Now we just need the weather to stay reasonable to get the rest of the spring barley and the wheat cut.
Due to the wet conditions during most of August, I have reverted to the plough to provide a dry seed-bed for oilseed rape establishment, with only the last field to be done with the subsoiler and discs now that conditions have improved.
Having been let down last year with a subsoiler drill demo, I made sure that I spoke to both dealer and manufacturer early this year, but despite promises that one would be available, there has been no sign of a machine.
The machinery trade must still be a bit more buoyant than they make out if they can afford to ignore potential sales.
My faith in the impartiality of the BBC has been dented by its coverage of the recent climate change report and how UK agriculture and in particular grazed livestock fit in.
It was particularly biased and now makes me question how it portrays other subjects of which I don’t have background knowledge.

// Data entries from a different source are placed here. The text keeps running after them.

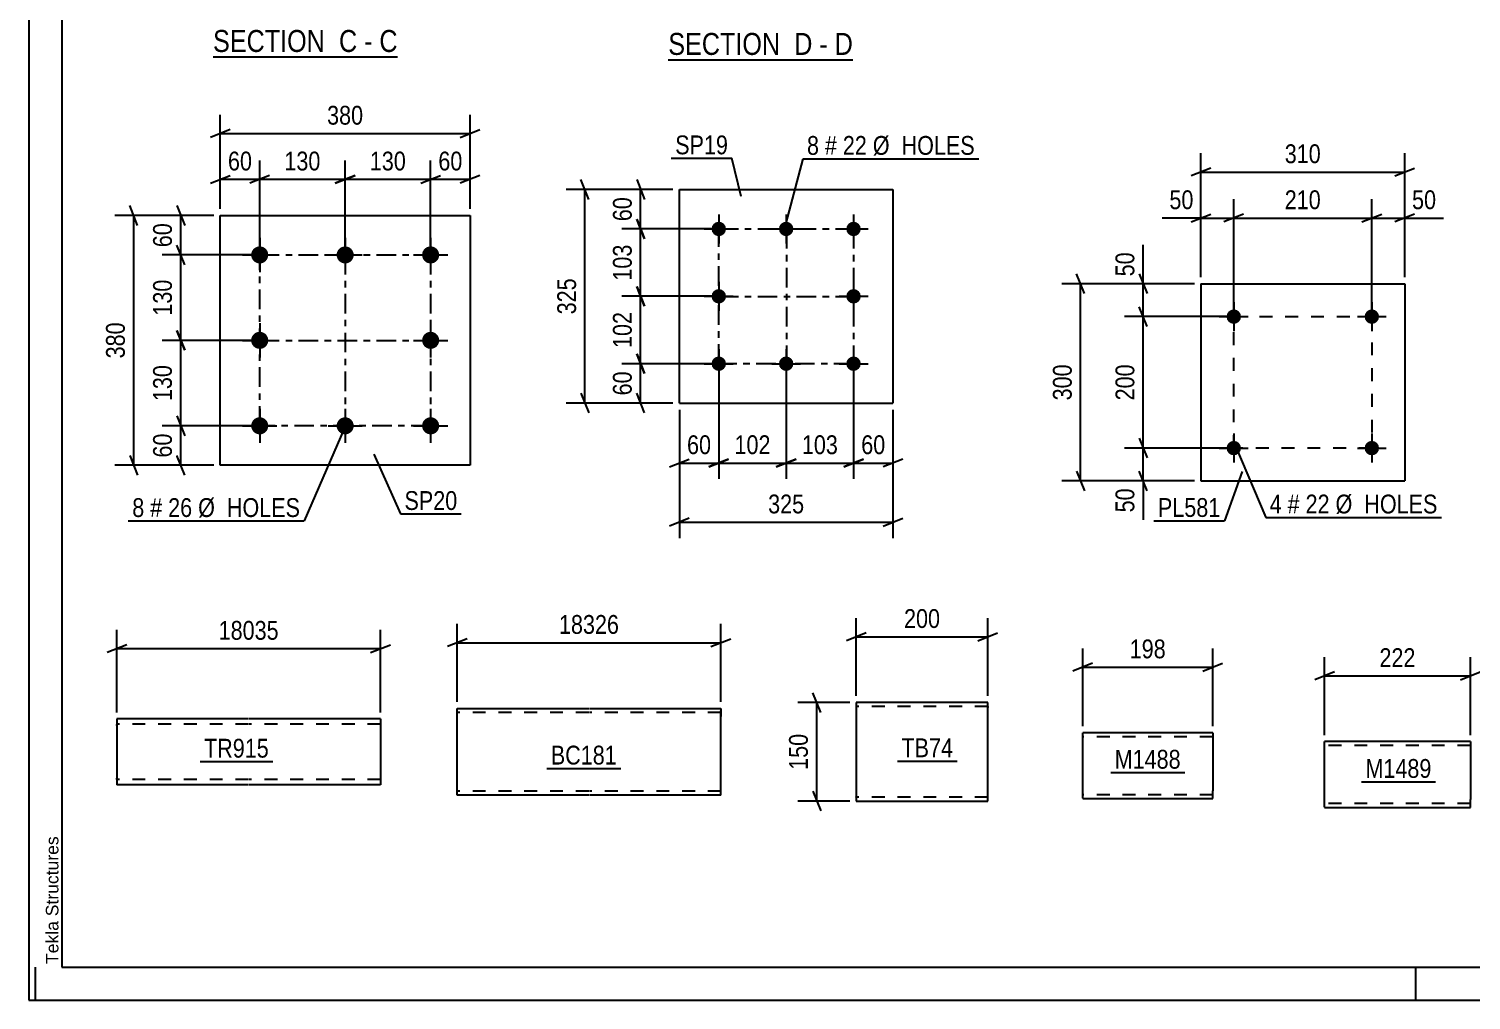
# Model space of a CAD drawing. Header units: millimetres. Extents: x 0 to 841, y 0 to 594.
# Drawn here: x 0 to 219.4, y 0 to 147.8 of the extents above; entities that cross this region are included whole.
import ezdxf

# ---------------------------------------------------------------- set-up
doc = ezdxf.new("R2010")
doc.units = ezdxf.units.MM
doc.linetypes.add('DXK_LINE_DOT2', pattern=[3.9198, 1.9599, -1.9599])
doc.linetypes.add('DXK_LINE_DOT3', pattern=[5.9187, 2.979, -0.9799, 0.9799, -0.9799])
doc.styles.add('Arial', font='ARIAL.TTF', dxfattribs={"height": 0.2})
doc.styles.add('Arial Narrow', font='ARIALN.TTF', dxfattribs={"height": 0.2})

# ---------------------------------------------------------------- blocks, each defined once
blk = doc.blocks.new('Unknown-814521683-1135')
at = {"color": 5, "linetype": 'Continuous'}
for p, q in [((0, 594), (0, 0)), ((5, 589), (5, 5)), ((1, 0), (1, 5)), ((5, 5), (836, 5)), ((211, 0), (211, 5)), ((0, 0), (841, 0))]:
    blk.add_line(p, q, dxfattribs=at)
at = {"color": 174, "linetype": 'Continuous', "style": 'Arial'}
blk.add_text('Tekla Structures', height=1.9102, rotation=90, dxfattribs=at).set_placement((4.5, 5.5))
blk = doc.blocks.new('Unknown-814521683-13 - 1372')
at = {"color": 6, "linetype": 'Continuous'}
blk.add_line((28.02, 143.51), (56.09, 143.51), dxfattribs=at)
at = {"color": 0, "linetype": 'Continuous'}
blk.add_wipeout([(46.13, 144.26), (46.13, 147.76), (28.02, 147.76), (28.02, 144.26)], dxfattribs=at)
at = {"color": 7, "linetype": 'Continuous', "style": 'Arial Narrow'}
blk.add_text('SECTION ', height=3.34, dxfattribs=at).set_placement((28.02, 144.26))
at = {"color": 0, "linetype": 'Continuous'}
blk.add_wipeout([(49.95, 144.26), (49.95, 147.76), (47.18, 147.76), (47.18, 144.26)], dxfattribs=at)
at = {"color": 7, "linetype": 'Continuous', "style": 'Arial Narrow'}
blk.add_text('C', height=3.34, dxfattribs=at).set_placement((47.18, 144.26))
at = {"color": 0, "linetype": 'Continuous'}
blk.add_wipeout([(52.27, 144.26), (52.27, 147.76), (51, 147.76), (51, 144.26)], dxfattribs=at)
at = {"color": 7, "linetype": 'Continuous', "style": 'Arial Narrow'}
blk.add_text('-', height=3.34, dxfattribs=at).set_placement((51, 144.26))
at = {"color": 0, "linetype": 'Continuous'}
blk.add_wipeout([(56.09, 144.26), (56.09, 147.76), (53.32, 147.76), (53.32, 144.26)], dxfattribs=at)
at = {"color": 7, "linetype": 'Continuous', "style": 'Arial Narrow'}
blk.add_text('C', height=3.34, dxfattribs=at).set_placement((53.32, 144.26))
blk = doc.blocks.new('Unknown-814521683-14 - 6501')
at = {"color": 6, "linetype": 'Continuous'}
blk.add_line((97.27, 143.06), (125.34, 143.06), dxfattribs=at)
at = {"color": 0, "linetype": 'Continuous'}
blk.add_wipeout([(115.38, 143.81), (115.38, 147.31), (97.27, 147.31), (97.27, 143.81)], dxfattribs=at)
at = {"color": 7, "linetype": 'Continuous', "style": 'Arial Narrow'}
blk.add_text('SECTION ', height=3.34, dxfattribs=at).set_placement((97.27, 143.81))
at = {"color": 0, "linetype": 'Continuous'}
blk.add_wipeout([(119.2, 143.81), (119.2, 147.31), (116.43, 147.31), (116.43, 143.81)], dxfattribs=at)
at = {"color": 7, "linetype": 'Continuous', "style": 'Arial Narrow'}
blk.add_text('D', height=3.34, dxfattribs=at).set_placement((116.43, 143.81))
at = {"color": 0, "linetype": 'Continuous'}
blk.add_wipeout([(121.53, 143.81), (121.53, 147.31), (120.25, 147.31), (120.25, 143.81)], dxfattribs=at)
at = {"color": 7, "linetype": 'Continuous', "style": 'Arial Narrow'}
blk.add_text('-', height=3.34, dxfattribs=at).set_placement((120.25, 143.81))
at = {"color": 0, "linetype": 'Continuous'}
blk.add_wipeout([(125.34, 143.81), (125.34, 147.31), (122.58, 147.31), (122.58, 143.81)], dxfattribs=at)
at = {"color": 7, "linetype": 'Continuous', "style": 'Arial Narrow'}
blk.add_text('D', height=3.34, dxfattribs=at).set_placement((122.58, 143.81))
blk = doc.blocks.new('Part-814521683-2209 - 2203')
at = {"color": 2, "linetype": 'Continuous'}
for p, q in [((98.95, 90.83), (98.95, 123.33)), ((98.95, 123.33), (131.45, 123.33)), ((131.45, 123.33), (131.45, 90.83)), ((98.95, 90.83), (98.95, 90.83)), ((98.95, 90.83), (131.45, 90.83)), ((131.45, 90.83), (131.45, 90.83))]:
    blk.add_line(p, q, dxfattribs=at)
at = {"color": 7, "linetype": 'DXK_LINE_DOT2'}
for p, q in [((98.95, 123.33), (131.45, 123.33)), ((98.95, 90.83), (98.95, 90.83)), ((98.95, 90.83), (131.45, 90.83)), ((131.45, 90.83), (131.45, 90.83))]:
    blk.add_line(p, q, dxfattribs=at)
blk = doc.blocks.new('Bolt-814521683-2242 - 2203')
at = {"linetype": 'Continuous'}
for points in [[(104.95, 118.43, -1), (104.95, 116.23, -1)], [(115.2, 118.43, -1), (115.2, 116.23, -1)], [(125.45, 118.43, -1), (125.45, 116.23, -1)], [(104.95, 108.18, -1), (104.95, 105.98, -1)], [(125.45, 108.18, -1), (125.45, 105.98, -1)], [(104.95, 97.93, -1), (104.95, 95.73, -1)], [(115.2, 97.93, -1), (115.2, 95.73, -1)], [(125.45, 97.93, -1), (125.45, 95.73, -1)]]:
    blk.add_hatch(color=1, dxfattribs=at).paths.add_polyline_path(points)
at = {"color": 1, "linetype": 'Continuous'}
for p, q in [((104.95, 119.53), (104.95, 115.13)), ((115.2, 119.53), (115.2, 115.13)), ((125.45, 119.53), (125.45, 115.13)), ((102.75, 117.33), (107.15, 117.33)), ((113, 117.33), (117.4, 117.33)), ((123.25, 117.33), (127.65, 117.33)), ((104.95, 109.28), (104.95, 104.88)), ((125.45, 109.28), (125.45, 104.88)), ((102.75, 107.08), (107.15, 107.08)), ((123.25, 107.08), (127.65, 107.08)), ((104.95, 99.03), (104.95, 94.63)), ((115.2, 99.03), (115.2, 94.63)), ((125.45, 99.03), (125.45, 94.63)), ((102.75, 96.83), (107.15, 96.83)), ((113, 96.83), (117.4, 96.83)), ((123.25, 96.83), (127.65, 96.83))]:
    blk.add_line(p, q, dxfattribs=at)
blk = doc.blocks.new('Part-814521683-2133 - 2118')
at = {"color": 2, "linetype": 'Continuous'}
for p, q in [((125.87, 45.28), (125.87, 30.37)), ((145.87, 45.28), (125.87, 45.28)), ((145.87, 31.48), (145.87, 45.28)), ((145.87, 30.28), (145.87, 31.48)), ((125.87, 30.37), (125.87, 30.28)), ((125.87, 30.28), (145.87, 30.28))]:
    blk.add_line(p, q, dxfattribs=at)
at = {"color": 7, "linetype": 'DXK_LINE_DOT2'}
for p, q in [((145.87, 44.68), (125.87, 44.68)), ((125.87, 44.68), (125.87, 44.08)), ((145.87, 44.64), (145.87, 44.68)), ((145.87, 44.68), (145.87, 44.64)), ((145.87, 44.54), (145.87, 44.64)), ((145.87, 44.64), (145.87, 44.54)), ((125.87, 30.88), (125.87, 30.93)), ((145.87, 30.88), (125.87, 30.88)), ((145.87, 30.93), (145.87, 31.25)), ((145.87, 30.88), (145.87, 30.93))]:
    blk.add_line(p, q, dxfattribs=at)
blk = doc.blocks.new('Part-814521683-1954 - 1938')
at = {"color": 2, "linetype": 'Continuous'}
for p, q in [((29.12, 81.38), (29.12, 119.38)), ((29.12, 119.38), (67.12, 119.38)), ((67.12, 119.38), (67.12, 81.38)), ((67.12, 81.38), (29.12, 81.38))]:
    blk.add_line(p, q, dxfattribs=at)
blk = doc.blocks.new('Bolt-814521683-2015 - 1938')
at = {"linetype": 'Continuous'}
for points in [[(35.12, 114.68, -1), (35.12, 112.08, -1)], [(48.12, 114.68, -1), (48.12, 112.08, -1)], [(61.12, 114.68, -1), (61.12, 112.08, -1)], [(35.12, 101.68, -1), (35.12, 99.08, -1)], [(61.12, 101.68, -1), (61.12, 99.08, -1)], [(35.12, 88.68, -1), (35.12, 86.08, -1)], [(48.12, 88.68, -1), (48.12, 86.08, -1)], [(61.12, 88.68, -1), (61.12, 86.08, -1)]]:
    blk.add_hatch(color=1, dxfattribs=at).paths.add_polyline_path(points)
at = {"color": 1, "linetype": 'Continuous'}
for p, q in [((35.12, 115.98), (35.12, 110.78)), ((48.12, 115.98), (48.12, 110.78)), ((61.12, 115.98), (61.12, 110.78)), ((32.52, 113.38), (37.72, 113.38)), ((45.52, 113.38), (50.72, 113.38)), ((58.52, 113.38), (63.72, 113.38)), ((35.12, 102.98), (35.12, 97.78)), ((61.12, 102.98), (61.12, 97.78)), ((32.52, 100.38), (37.72, 100.38)), ((58.52, 100.38), (63.72, 100.38)), ((35.12, 89.98), (35.12, 84.78)), ((48.12, 89.98), (48.12, 84.78)), ((61.12, 89.98), (61.12, 84.78)), ((32.52, 87.38), (37.72, 87.38)), ((45.52, 87.38), (50.72, 87.38)), ((58.52, 87.38), (63.72, 87.38))]:
    blk.add_line(p, q, dxfattribs=at)
blk = doc.blocks.new('Part-814521683-1700 - 1695')
at = {"color": 2, "linetype": 'Continuous'}
for p, q in [((65.16, 31.27), (65.16, 44.38)), ((65.16, 44.38), (85.16, 44.38)), ((85.26, 44.38), (105.26, 44.38)), ((105.26, 44.38), (105.26, 44.29)), ((105.26, 44.29), (105.26, 43.18)), ((105.26, 31.18), (105.26, 43.18)), ((65.16, 31.18), (65.16, 31.27)), ((85.16, 31.18), (65.16, 31.18)), ((105.26, 31.18), (85.26, 31.18))]:
    blk.add_line(p, q, dxfattribs=at)
at = {"color": 7, "linetype": 'DXK_LINE_DOT2'}
for p, q in [((105.26, 43.18), (105.26, 44.03)), ((85.16, 43.78), (65.16, 43.78)), ((105.26, 43.78), (85.26, 43.78)), ((65.16, 31.78), (65.16, 31.83)), ((85.16, 31.78), (65.16, 31.78)), ((65.16, 31.18), (65.16, 31.18)), ((105.26, 31.78), (85.26, 31.78)), ((105.26, 31.78), (105.26, 31.83))]:
    blk.add_line(p, q, dxfattribs=at)
blk = doc.blocks.new('Part-814521683-6225 - 6219')
at = {"color": 2, "linetype": 'Continuous'}
for p, q in [((13.39, 42.78), (13.39, 42.78)), ((33.39, 42.78), (13.39, 42.78)), ((13.39, 42.78), (13.39, 41.18)), ((53.49, 42.78), (33.49, 42.78)), ((53.49, 42.78), (53.49, 41.18)), ((13.39, 41.18), (13.39, 32.78)), ((53.49, 41.18), (53.49, 32.78)), ((13.39, 32.78), (13.39, 32.78)), ((33.39, 32.78), (13.39, 32.78)), ((53.49, 32.78), (33.49, 32.78))]:
    blk.add_line(p, q, dxfattribs=at)
at = {"color": 7, "linetype": 'DXK_LINE_DOT2'}
for p, q in [((13.39, 42.78), (13.39, 32.78)), ((33.39, 41.98), (13.39, 41.98)), ((13.39, 41.92), (13.39, 41.98)), ((13.39, 41.75), (13.39, 41.8)), ((53.49, 41.98), (33.49, 41.98)), ((13.39, 41.49), (13.39, 41.18)), ((13.39, 33.58), (13.39, 33.77)), ((33.39, 33.58), (13.39, 33.58)), ((53.49, 33.58), (33.49, 33.58)), ((53.49, 33.58), (53.49, 33.64))]:
    blk.add_line(p, q, dxfattribs=at)
blk = doc.blocks.new('Part-814521683-6247 - 6243')
at = {"color": 2, "linetype": 'Continuous'}
for p, q in [((180.09, 40.66), (160.31, 40.66)), ((160.31, 30.75), (160.31, 40.66)), ((180.09, 40.66), (180.09, 31.86)), ((160.31, 30.75), (160.31, 30.66)), ((180.09, 30.66), (180.09, 31.86)), ((160.31, 30.66), (180.09, 30.66))]:
    blk.add_line(p, q, dxfattribs=at)
at = {"color": 7, "linetype": 'DXK_LINE_DOT2'}
for p, q in [((180.09, 40.06), (160.31, 40.06)), ((160.31, 31.26), (160.31, 31.3)), ((180.09, 31.26), (160.31, 31.26)), ((180.09, 31.3), (180.09, 31.63)), ((180.09, 31.26), (180.09, 31.3))]:
    blk.add_line(p, q, dxfattribs=at)
blk = doc.blocks.new('Bolt-814521683-6302 - 6263')
at = {"linetype": 'Continuous'}
for points in [[(184.39, 83.99, -1), (182.19, 83.99, -1)], [(205.39, 83.99, -1), (203.19, 83.99, -1)]]:
    blk.add_hatch(color=1, dxfattribs=at).paths.add_polyline_path(points)
at = {"color": 1, "linetype": 'Continuous'}
for p, q in [((183.29, 86.19), (183.29, 81.79)), ((204.29, 86.19), (204.29, 81.79)), ((181.09, 83.99), (185.49, 83.99)), ((202.09, 83.99), (206.49, 83.99))]:
    blk.add_line(p, q, dxfattribs=at)
blk = doc.blocks.new('Bolt-814521683-6297 - 6263')
at = {"linetype": 'Continuous'}
for points in [[(184.39, 103.99, -1), (182.19, 103.99, -1)], [(205.39, 103.99, -1), (203.19, 103.99, -1)]]:
    blk.add_hatch(color=1, dxfattribs=at).paths.add_polyline_path(points)
at = {"color": 1, "linetype": 'Continuous'}
for p, q in [((183.29, 106.19), (183.29, 101.79)), ((204.29, 106.19), (204.29, 101.79)), ((181.09, 103.99), (185.49, 103.99)), ((202.09, 103.99), (206.49, 103.99))]:
    blk.add_line(p, q, dxfattribs=at)
blk = doc.blocks.new('Part-814521683-6307 - 6263')
at = {"color": 2, "linetype": 'Continuous'}
for p, q in [((178.29, 108.99), (178.29, 78.99)), ((178.29, 108.99), (209.29, 108.99)), ((209.29, 108.99), (209.29, 78.99)), ((178.29, 78.99), (209.29, 78.99))]:
    blk.add_line(p, q, dxfattribs=at)
blk = doc.blocks.new('Part-814521683-6477 - 6473')
at = {"color": 2, "linetype": 'Continuous'}
for p, q in [((219.28, 39.33), (197.11, 39.33)), ((197.11, 29.42), (197.11, 39.33)), ((219.28, 39.33), (219.28, 30.53)), ((197.11, 29.42), (197.11, 29.33)), ((197.11, 29.33), (219.28, 29.33)), ((219.28, 29.33), (219.28, 30.53))]:
    blk.add_line(p, q, dxfattribs=at)
at = {"color": 7, "linetype": 'DXK_LINE_DOT2'}
for p, q in [((219.28, 38.73), (197.11, 38.73)), ((197.11, 29.93), (197.11, 29.98)), ((219.28, 29.93), (197.11, 29.93)), ((219.28, 29.98), (219.28, 30.3)), ((219.28, 29.93), (219.28, 29.98))]:
    blk.add_line(p, q, dxfattribs=at)
blk = doc.blocks.new('Rectangle-814521683-2329 - 2203')
at = {"color": 1, "linetype": 'DXK_LINE_DOT3'}
blk.add_lwpolyline([(104.95, 117.33), (125.45, 117.33), (125.45, 96.83), (104.95, 96.83), (104.95, 117.33)], close=True, dxfattribs=at)
blk = doc.blocks.new('Rectangle-814521683-2103 - 1938')
at = {"color": 1, "linetype": 'DXK_LINE_DOT3'}
blk.add_lwpolyline([(35.12, 113.38), (61.12, 113.38), (61.12, 87.38), (35.12, 87.38), (35.12, 113.38)], close=True, dxfattribs=at)
blk = doc.blocks.new('Rectangle-814521683-6416 - 6263')
at = {"color": 1, "linetype": 'DXK_LINE_DOT2'}
blk.add_lwpolyline([(183.29, 103.99), (204.29, 103.99), (204.29, 83.99), (183.29, 83.99), (183.29, 103.99)], close=True, dxfattribs=at)
blk = doc.blocks.new('Line-814521683-2322 - 2203')
at = {"color": 1, "linetype": 'DXK_LINE_DOT3'}
blk.add_line((115.25, 117.33), (115.25, 96.83), dxfattribs=at)
blk = doc.blocks.new('Line-814521683-2096 - 1938')
at = {"color": 1, "linetype": 'DXK_LINE_DOT3'}
blk.add_line((48.12, 113.38), (48.12, 87.38), dxfattribs=at)
blk = doc.blocks.new('Line-814521683-2315 - 2203')
at = {"color": 1, "linetype": 'DXK_LINE_DOT3'}
blk.add_line((104.95, 107.03), (125.45, 107.03), dxfattribs=at)
blk = doc.blocks.new('Line-814521683-2088 - 1938')
at = {"color": 1, "linetype": 'DXK_LINE_DOT3'}
blk.add_line((35.12, 100.38), (61.12, 100.38), dxfattribs=at)
blk = doc.blocks.new('StraightDimension-814521683-12496 - 2203')
at = {"color": 7, "linetype": 'Continuous'}
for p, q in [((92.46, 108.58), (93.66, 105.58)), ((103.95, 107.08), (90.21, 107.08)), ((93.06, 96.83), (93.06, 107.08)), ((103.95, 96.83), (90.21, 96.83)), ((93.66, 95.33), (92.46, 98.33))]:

I note that the Scottish levy body QMS has launched a PR campaign in the press and on radio promoting our livestock, which is fantastic, but I think it also needs to put out some positive stories on the environmental side as well.
Robert Drysdale is farm manager at Farmcare’s 1,610ha business in Aberdeenshire, growing winter and spring barley, wheat and oilseed rape across four contract farming agreements to the south of Inverurie. The farm has 130 beef cows on land less suitable for crop production.